Citing examples from Singapore’s prime minister to Myanmar’s President U Win Myint, she said leaders across Southeast Asia have made a point to applaud Xi’s emergency response.

While du Rocher described this as a regional trend, Vriens & Partners pointed to a warming of ties between Singapore and China in particular amid the crisis. The consulting firm wrote in an analysis that Singapore’s donations to China were a rare instance of “checkbook diplomacy” from the micro-state.

Singapore’s prime minister, when asked about Washington’s attempt to pin the pandemic on Beijing, said instead it is “most constructive” to focus on solutions. Besides China, Lee noted that other nations have struggled to contain the virus, as well.

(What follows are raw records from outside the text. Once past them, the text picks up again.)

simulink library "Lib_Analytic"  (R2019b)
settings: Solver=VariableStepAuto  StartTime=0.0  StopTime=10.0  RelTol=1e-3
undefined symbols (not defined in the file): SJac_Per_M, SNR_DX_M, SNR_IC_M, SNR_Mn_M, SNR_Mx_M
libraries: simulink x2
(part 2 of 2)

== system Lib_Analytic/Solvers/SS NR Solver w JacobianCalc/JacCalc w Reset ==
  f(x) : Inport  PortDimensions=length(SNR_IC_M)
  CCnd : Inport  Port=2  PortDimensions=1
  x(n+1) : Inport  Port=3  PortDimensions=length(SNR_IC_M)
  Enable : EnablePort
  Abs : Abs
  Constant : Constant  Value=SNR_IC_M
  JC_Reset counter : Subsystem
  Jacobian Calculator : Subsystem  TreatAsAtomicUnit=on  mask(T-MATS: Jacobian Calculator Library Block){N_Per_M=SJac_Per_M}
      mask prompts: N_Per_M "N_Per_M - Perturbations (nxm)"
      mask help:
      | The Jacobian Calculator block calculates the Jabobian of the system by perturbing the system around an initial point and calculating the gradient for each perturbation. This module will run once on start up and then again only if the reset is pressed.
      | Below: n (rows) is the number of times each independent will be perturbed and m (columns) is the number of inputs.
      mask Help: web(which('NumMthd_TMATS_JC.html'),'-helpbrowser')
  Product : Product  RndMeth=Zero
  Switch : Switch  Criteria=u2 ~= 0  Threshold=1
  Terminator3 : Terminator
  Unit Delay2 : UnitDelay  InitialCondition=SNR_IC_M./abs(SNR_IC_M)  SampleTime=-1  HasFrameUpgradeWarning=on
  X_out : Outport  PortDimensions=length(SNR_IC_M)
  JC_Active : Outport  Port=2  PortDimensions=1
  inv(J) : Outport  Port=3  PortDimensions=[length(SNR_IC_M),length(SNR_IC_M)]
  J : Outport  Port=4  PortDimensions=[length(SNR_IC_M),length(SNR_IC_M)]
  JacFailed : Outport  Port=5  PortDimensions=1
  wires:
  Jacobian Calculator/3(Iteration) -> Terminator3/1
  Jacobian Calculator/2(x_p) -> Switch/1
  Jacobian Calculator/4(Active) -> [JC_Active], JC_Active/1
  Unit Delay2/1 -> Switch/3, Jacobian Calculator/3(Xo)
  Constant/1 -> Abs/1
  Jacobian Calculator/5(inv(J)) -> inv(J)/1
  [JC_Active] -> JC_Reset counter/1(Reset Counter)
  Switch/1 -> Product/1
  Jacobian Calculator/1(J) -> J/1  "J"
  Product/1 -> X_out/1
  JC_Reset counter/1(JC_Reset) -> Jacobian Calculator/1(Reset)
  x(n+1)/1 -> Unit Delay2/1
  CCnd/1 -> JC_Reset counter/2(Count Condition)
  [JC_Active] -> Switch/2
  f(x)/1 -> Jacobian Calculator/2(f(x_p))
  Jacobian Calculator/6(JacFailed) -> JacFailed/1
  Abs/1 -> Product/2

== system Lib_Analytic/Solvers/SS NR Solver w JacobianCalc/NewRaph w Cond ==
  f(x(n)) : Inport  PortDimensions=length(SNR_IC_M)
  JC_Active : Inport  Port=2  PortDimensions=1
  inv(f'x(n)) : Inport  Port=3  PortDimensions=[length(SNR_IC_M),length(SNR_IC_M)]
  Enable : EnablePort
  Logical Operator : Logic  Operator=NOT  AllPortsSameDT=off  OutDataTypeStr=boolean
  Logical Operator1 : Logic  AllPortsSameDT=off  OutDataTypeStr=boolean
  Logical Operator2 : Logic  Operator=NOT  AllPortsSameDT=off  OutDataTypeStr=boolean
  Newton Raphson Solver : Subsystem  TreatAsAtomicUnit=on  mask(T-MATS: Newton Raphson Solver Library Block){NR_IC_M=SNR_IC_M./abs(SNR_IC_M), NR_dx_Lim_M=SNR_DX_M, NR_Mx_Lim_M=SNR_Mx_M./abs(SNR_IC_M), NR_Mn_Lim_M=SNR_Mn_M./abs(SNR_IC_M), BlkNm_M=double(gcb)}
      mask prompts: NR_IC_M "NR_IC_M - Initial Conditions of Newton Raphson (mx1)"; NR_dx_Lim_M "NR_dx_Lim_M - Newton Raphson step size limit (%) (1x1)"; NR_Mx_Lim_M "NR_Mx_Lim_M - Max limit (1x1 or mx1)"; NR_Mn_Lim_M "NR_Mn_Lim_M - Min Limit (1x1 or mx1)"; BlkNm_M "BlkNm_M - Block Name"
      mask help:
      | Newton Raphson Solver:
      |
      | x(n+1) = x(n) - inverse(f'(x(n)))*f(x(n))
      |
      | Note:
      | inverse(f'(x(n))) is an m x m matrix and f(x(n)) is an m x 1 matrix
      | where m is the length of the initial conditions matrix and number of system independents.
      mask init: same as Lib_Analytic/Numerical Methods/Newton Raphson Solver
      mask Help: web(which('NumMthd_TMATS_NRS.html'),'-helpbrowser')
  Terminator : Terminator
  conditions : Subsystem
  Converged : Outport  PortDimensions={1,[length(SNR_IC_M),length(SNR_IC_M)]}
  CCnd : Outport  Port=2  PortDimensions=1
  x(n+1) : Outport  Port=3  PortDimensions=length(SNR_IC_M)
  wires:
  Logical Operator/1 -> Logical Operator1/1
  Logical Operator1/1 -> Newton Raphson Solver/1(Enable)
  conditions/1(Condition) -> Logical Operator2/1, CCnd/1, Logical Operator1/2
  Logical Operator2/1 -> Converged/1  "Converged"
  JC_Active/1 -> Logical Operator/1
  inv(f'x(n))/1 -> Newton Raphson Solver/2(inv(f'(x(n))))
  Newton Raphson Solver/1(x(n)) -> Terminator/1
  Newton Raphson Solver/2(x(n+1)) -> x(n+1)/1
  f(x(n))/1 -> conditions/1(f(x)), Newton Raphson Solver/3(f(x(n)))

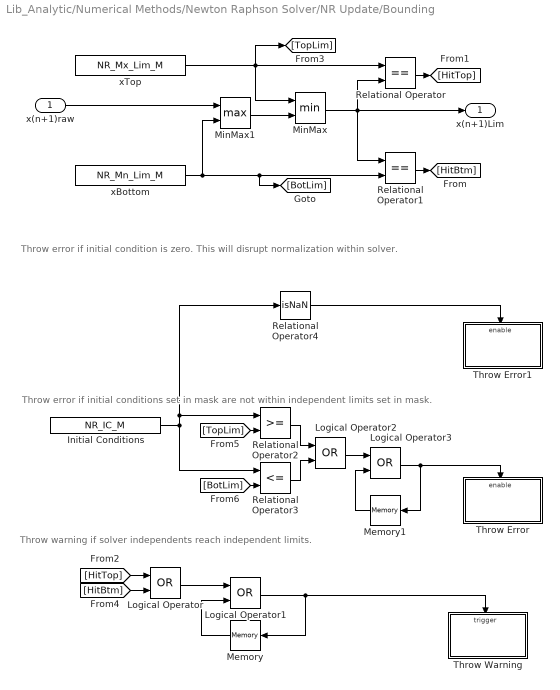
== system Lib_Analytic/Numerical Methods/Newton Raphson Solver/NR Update/Bounding ==
  note: Throw warning if solver independents reach independent limits.
  note: Throw error if initial conditions set in mask are not within independent limits set in mask.
  note: Throw error if initial condition is zero. This will disrupt normalization within solver.
  x(n+1)raw : Inport
  Initial Conditions : Constant  Value=NR_IC_M
  Logical Operator{,1..3} (4 alike) : Logic  Operator=OR  AllPortsSameDT=off  OutDataTypeStr=boolean
  Memory : Memory  InheritSampleTime=on
  Memory1 : Memory  InheritSampleTime=on
  MinMax : MinMax  Inputs=2
  MinMax1 : MinMax  Function=max  Inputs=2
  Relational Operator : RelationalOperator  Operator===  OutDataTypeStr=boolean  RndMeth=Nearest
  Relational Operator1 : RelationalOperator  Operator===  OutDataTypeStr=boolean  RndMeth=Nearest
  Relational Operator2 : RelationalOperator  OutDataTypeStr=boolean  RndMeth=Nearest
  Relational Operator3 : RelationalOperator  Operator=<=  OutDataTypeStr=boolean  RndMeth=Nearest
  Relational Operator4 : RelationalOperator  Operator=isNaN  OutDataTypeStr=boolean  RndMeth=Nearest
  Throw Error : Subsystem
  Throw Error1 : Subsystem
  Throw Warning : Subsystem
  xBottom : Constant  Value=NR_Mn_Lim_M
  xTop : Constant  Value=NR_Mx_Lim_M
  x(n+1)Lim : Outport
  wires:
  Logical Operator1/1 -> Memory/1, Throw Warning/Trigger
  Memory/1 -> Logical Operator1/2
  [HitBtm] -> Logical Operator/2
  Logical Operator/1 -> Logical Operator1/1
  [HitTop] -> Logical Operator/1
  Relational Operator/1 -> [HitTop]
  Relational Operator1/1 -> [HitBtm]
  MinMax/1 -> x(n+1)Lim/1, Relational Operator/2, Relational Operator1/1
  MinMax1/1 -> MinMax/2
  xTop/1 -> [TopLim], MinMax/1, Relational Operator/1
  x(n+1)raw/1 -> MinMax1/1
  xBottom/1 -> [BotLim], Relational Operator1/2, MinMax1/2
  Logical Operator3/1 -> Throw Error/Enable, Memory1/1
  Initial Conditions/1 -> Relational Operator4/1, Relational Operator2/1, Relational Operator3/1
  [TopLim] -> Relational Operator2/2
  Logical Operator2/1 -> Logical Operator3/1
  Relational Operator3/1 -> Logical Operator2/2
  Memory1/1 -> Logical Operator3/2
  Relational Operator2/1 -> Logical Operator2/1
  [BotLim] -> Relational Operator3/2
  Relational Operator4/1 -> Throw Error1/Enable

== system Lib_Analytic/Numerical Methods/Newton Raphson Solver/NR Update/MatrixMult ==
  f(x(n)) : Inport
  inv(f'(x(n))) : Inport  Port=2
  Product : Product  Multiplication=Matrix(*)  RndMeth=Zero
  DTS : Outport
  wires:
  inv(f'(x(n)))/1 -> Product/1
  f(x(n))/1 -> Product/2
  Product/1 -> DTS/1

== system Lib_Analytic/Numerical Methods/Newton Raphson Solver/NR Update/dxLimit ==
  dx : Inport
  x : Inport  Port=2
  Abs : Abs
  Constant : Constant  Value=0.5
  Constant1 : Constant  Value=-1
  Memory : Memory  InitialCondition=NR_IC_M  InheritSampleTime=on
  MinMax : MinMax  Inputs=2
  MinMax1 : MinMax  Function=max  Inputs=2
  Product1 : Product  Inputs=3  RndMeth=Zero
  Product2 : Product  RndMeth=Zero
  Sum : Sum  Inputs=|++
  Threshold : Constant  Value=NR_dx_Lim_M/100
  dx_limited : Outport
  wires:
  Sum/1 -> Product1/3
  Memory/1 -> Sum/1
  Constant/1 -> Product1/2
  x/1 -> Sum/2, Memory/1
  Threshold/1 -> Product1/1
  Product1/1 -> Abs/1
  Abs/1 -> MinMax/1, Product2/2
  dx/1 -> MinMax/2
  MinMax/1 -> MinMax1/2
  Product2/1 -> MinMax1/1
  Constant1/1 -> Product2/1
  MinMax1/1 -> dx_limited/1

== system Lib_Analytic/Solvers/Iterative NR Solver w JacobianCalc/JC w Reset/Jacobian Calculator ==
  Reset : Inport  PortDimensions=1
  f(x_p) : Inport  Port=2  PortDimensions=size(N_Per_M,2)
  Xo : Inport  Port=3  PortDimensions=size(N_Per_M,2)
  Constant2 : Constant  Value=N_Per_M
  Counter : Subsystem  mask{N_Ind_M=prod(size(N_Per_M))}
      mask prompts: N_Ind_M "number of independents, N_Ind_M"
  Jacobian : Subsystem
  Terminator : Terminator
  J : Outport  PortDimensions=[size(N_Per_M,2), size(N_Per_M,2)]
  x_p : Outport  Port=2  PortDimensions=size(N_Per_M,2)
  Iteration : Outport  Port=3  PortDimensions=1
  Active : Outport  Port=4  PortDimensions=1
  inv(J) : Outport  Port=5  PortDimensions=[size(N_Per_M,2), size(N_Per_M,2)]
  JacFailed : Outport  Port=6  PortDimensions=1
  wires:
  Jacobian/5(JacFailed) -> JacFailed/1
  Jacobian/4(y_State) -> Terminator/1
  Jacobian/3(J) -> J/1
  Jacobian/2(Inv(J)) -> inv(J)/1
  Counter/2(Iteration) -> Jacobian/1(Iteration), Iteration/1
  Xo/1 -> Jacobian/4(Xo)
  Counter/1(Enable) -> Jacobian/Enable, Active/1
  Reset/1 -> Counter/1(Reset)
  Jacobian/1(x_p) -> x_p/1
  Constant2/1 -> Jacobian/2(Per)
  f(x_p)/1 -> Jacobian/3(f(x_p))

== system Lib_Analytic/Solvers/Iterative NR Solver w JacobianCalc/NRwCond/Iteration Conditions ==
  f(x) : Inport
  Abs : Abs
  Constant1 : Constant  Value=Cond_Limits_M
  Constant2 : Constant  Value=0
  Relational Operator : RelationalOperator  Operator=>  OutDataTypeStr=boolean  RndMeth=Nearest
  Relational Operator1 : RelationalOperator  Operator=>  OutDataTypeStr=boolean  RndMeth=Nearest
  Sum of Elements : Sum  Inputs=+
  Condition : Outport
  wires:
  Relational Operator1/1 -> Condition/1
  Sum of Elements/1 -> Relational Operator1/1
  Constant2/1 -> Relational Operator1/2
  Relational Operator/1 -> Sum of Elements/1
  f(x)/1 -> Abs/1
  Constant1/1 -> Relational Operator/2
  Abs/1 -> Relational Operator/1

== system Lib_Analytic/Solvers/Iterative NR Solver w JacobianCalc/NRwCond/Newton Raphson Solver ==
  Enable : Inport  PortDimensions=1
  inv(f'(x(n))) : Inport  Port=2  PortDimensions=[length(NR_IC_M),length(NR_IC_M)]
  f(x(n)) : Inport  Port=3  PortDimensions=length(NR_IC_M)
  NR Update : Subsystem
  Switch : Switch  Criteria=u2 > Threshold
  Unit Delay : UnitDelay  InitialCondition=NR_IC_M  SampleTime=-1  HasFrameUpgradeWarning=on
  x(n) : Outport  PortDimensions=length(NR_IC_M)
  x(n+1) : Outport  Port=2  PortDimensions=length(NR_IC_M)
  wires:
  NR Update/1(x(n+1)) -> Switch/1
  inv(f'(x(n)))/1 -> NR Update/2(inv(J))
  f(x(n))/1 -> NR Update/1(f(x))
  Switch/1 -> x(n+1)/1, Unit Delay/1
  Enable/1 -> NR Update/Enable, Switch/2
  Unit Delay/1 -> NR Update/3(x(n)), Switch/3, x(n)/1

== system Lib_Analytic/Solvers/SS NR Solver w JacobianCalc/JacCalc w Reset/JC_Reset counter ==
  Reset Counter : Inport
  Count Condition : Inport  Port=2
  Constant1 : Constant  Value=SJacobianAttempts_M
  Data Type Conversion : DataTypeConversion
  Data Type Conversion1 : DataTypeConversion
  Logical Operator : Logic  Operator=NOT  AllPortsSameDT=off  OutDataTypeStr=boolean
  Product : Product  RndMeth=Zero
  Relational Operator : RelationalOperator  Operator===  OutDataTypeStr=boolean  RndMeth=Nearest
  Sum : Sum  Inputs=|++
  Unit Delay : UnitDelay  SampleTime=-1  HasFrameUpgradeWarning=on
  Unit Delay1 : UnitDelay  SampleTime=-1  HasFrameUpgradeWarning=on
  Unit Delay2 : UnitDelay  SampleTime=-1  HasFrameUpgradeWarning=on
  JC_Reset : Outport
  wires:
  Constant1/1 -> Relational Operator/1
  Relational Operator/1 -> JC_Reset/1
  Product/1 -> Sum/2
  Reset Counter/1 -> Unit Delay1/1
  Unit Delay/1 -> Product/2
  Data Type Conversion/1 -> Product/1
  Data Type Conversion1/1 -> Sum/1
  Unit Delay1/1 -> Logical Operator/1
  Logical Operator/1 -> Data Type Conversion/1
  Count Condition/1 -> Unit Delay2/1
  Unit Delay2/1 -> Data Type Conversion1/1
  Sum/1 -> Unit Delay/1, Relational Operator/2

== system Lib_Analytic/Solvers/SS NR Solver w JacobianCalc/JacCalc w Reset/Jacobian Calculator ==
  Reset : Inport  PortDimensions=1
  f(x_p) : Inport  Port=2  PortDimensions=size(N_Per_M,2)
  Xo : Inport  Port=3  PortDimensions=size(N_Per_M,2)
  Constant2 : Constant  Value=N_Per_M
  Counter : Subsystem  mask{N_Ind_M=prod(size(N_Per_M))}
      mask prompts: N_Ind_M "number of independents, N_Ind_M"
  Jacobian : Subsystem
  Terminator : Terminator
  J : Outport  PortDimensions=[size(N_Per_M,2), size(N_Per_M,2)]
  x_p : Outport  Port=2  PortDimensions=size(N_Per_M,2)
  Iteration : Outport  Port=3  PortDimensions=1
  Active : Outport  Port=4  PortDimensions=1
  inv(J) : Outport  Port=5  PortDimensions=[size(N_Per_M,2), size(N_Per_M,2)]
  JacFailed : Outport  Port=6  PortDimensions=1
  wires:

“I don't think overall that one can say this would not have happened if only the Chinese had done the right thing,” he said on CNN at the end of March. “Because you look at the way the outbreak has continued, grown and spread in many countries.”

China is the biggest trade partner for Singapore, with two-way commerce valued at 137 billion Singapore dollars in 2019. With a history of cultural ties, 75% of Singapore’s citizens are ethnic Chinese.

When citizens were asked which foreign nation or organization had the most economic influence in the region, there was no competition. Nearly 70% of people said the answer was China, followed by the United States and then the Association of Southeast Asian Nations, according to a 2019 survey from the ISEAS-Yusof Ishak Institute in Singapore.

The influence is expected to increase. When asked about Beijing’s future role as a major power, 57% agreed with the statement, “China will become a revisionist power with an intent to turn Southeast Asia into its sphere of influence.” Other options were that China could be an alternative to U.S. power or be a benign power.